Source: Vertiv
2023 Trends Image 1
2023 Trends Image 1
2023 Trends Image 1
2023 Trends Image 1
2023 Trends Image 1

Telecom and IT Further Converge in 2023

March 30, 2023
Learn how 2023 data center trends are inexorably intertwined with telecom trends.

Five Interconnected Trends to Watch 

We’ve seen the overlap of data center and telecom interests for years and a gradual convergence of those environments, but occasionally there are moments that serve as sudden reminders of just how tightly these two industries are connected. It shouldn’t be surprising at this point, but the ubiquity of the shared landscape is a little jarring.

The dominant market drivers in both spaces can be grouped broadly as “energy and environment” and “speed and simplicity,” and the trends impacting both industries in 2023 reflect that reality. Managing energy use and carbon emissions are core objectives for data center operators and telcos, just as much a central business consideration as deploying capacity quickly and building faster networks. The drivers, the goals—and the strategies for achieving those goals—are consistent whether the network is IT or telecom.

Let’s look at the trends and how they apply to telecom.

Trend 1: Increasing Regulation

Data centers are responsible for 2-3% of global energy consumption,1 a significant share that telecom matches—with consumption predicted to triple by 2030.2 Together, telcos and IT generate up to 4% of global CO2 emissions,3 but that number is projected to reach as high as 14% by 20404 without aggressive action.
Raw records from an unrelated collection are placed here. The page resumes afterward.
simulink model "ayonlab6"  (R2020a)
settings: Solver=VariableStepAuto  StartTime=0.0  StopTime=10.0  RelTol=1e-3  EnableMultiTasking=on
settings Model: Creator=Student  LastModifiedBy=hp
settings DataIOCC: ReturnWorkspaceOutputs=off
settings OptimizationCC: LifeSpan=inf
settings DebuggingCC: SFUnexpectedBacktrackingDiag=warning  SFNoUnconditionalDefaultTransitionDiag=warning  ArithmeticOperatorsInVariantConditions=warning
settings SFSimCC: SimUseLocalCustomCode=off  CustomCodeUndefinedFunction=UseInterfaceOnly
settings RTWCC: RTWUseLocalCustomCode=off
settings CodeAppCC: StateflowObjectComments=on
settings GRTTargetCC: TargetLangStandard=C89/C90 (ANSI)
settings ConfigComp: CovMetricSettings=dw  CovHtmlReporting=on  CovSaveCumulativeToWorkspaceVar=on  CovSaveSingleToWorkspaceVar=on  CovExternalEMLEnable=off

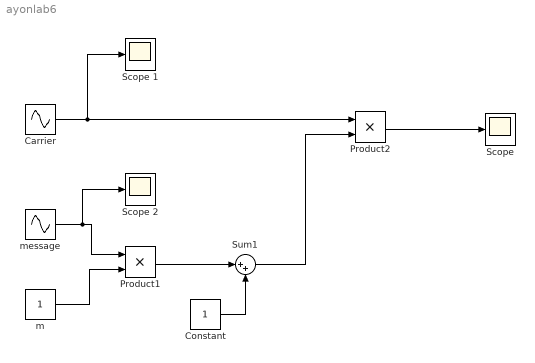
== system ayonlab6 ==
  Carrier : Sin  Amplitude=5  Frequency=2*pi*25  SampleTime=1/5000
  Constant : Constant
  "Product1 " : Product
  Product2 : Product
  "Scope " : Scope
  Scope 1 : Scope
  Scope 2 : Scope
  Sum1 : Sum  Inputs=|++
  m : Constant
  message : Sin  Frequency=2*pi  SampleTime=1/5000
  wires:
  message/1 -> Scope 2/1, "Product1 "/1
  m/1 -> "Product1 "/2
  Carrier/1 -> Scope 1/1, Product2/1
  "Product1 "/1 -> Sum1/1
  Constant/1 -> Sum1/2
  Sum1/1 -> Product2/2
  Product2/1 -> "Scope "/1

We anticipate that type of action in the data center market in 2023. Some countries have already taken steps to reign in and actively manage data center energy use; and the skyrocketing energy demands, rising costs of energy, and capacity challenges in many regions all are powerful incentives for increased scrutiny and government intervention. 

The telecom industry has been proactive in terms of self-monitoring and regulating its carbon footprint. In 2020, the industry introduced the first science-based pathway to reduce greenhouse gas emissions in the telecom sector.5 It includes emissions reductions trajectories for mobile, fixed and data center operators to meet the Paris Agreement goal of limiting global warming to 1.5 degrees Celsius or 34.7 degrees Fahrenheit. Along those same lines, the International Telecom Union (ITU) published guidance on how to set net-zero targets with the goal of helping operators reach net-zero greenhouse gas emissions by 2050. 

This sort of self-governance may delay significant regulatory actions, but only if operators adhere to the guidance and make real progress toward reducing their carbon footprints. Otherwise, third-party intervention is likely, just as we’re seeing in the data center space.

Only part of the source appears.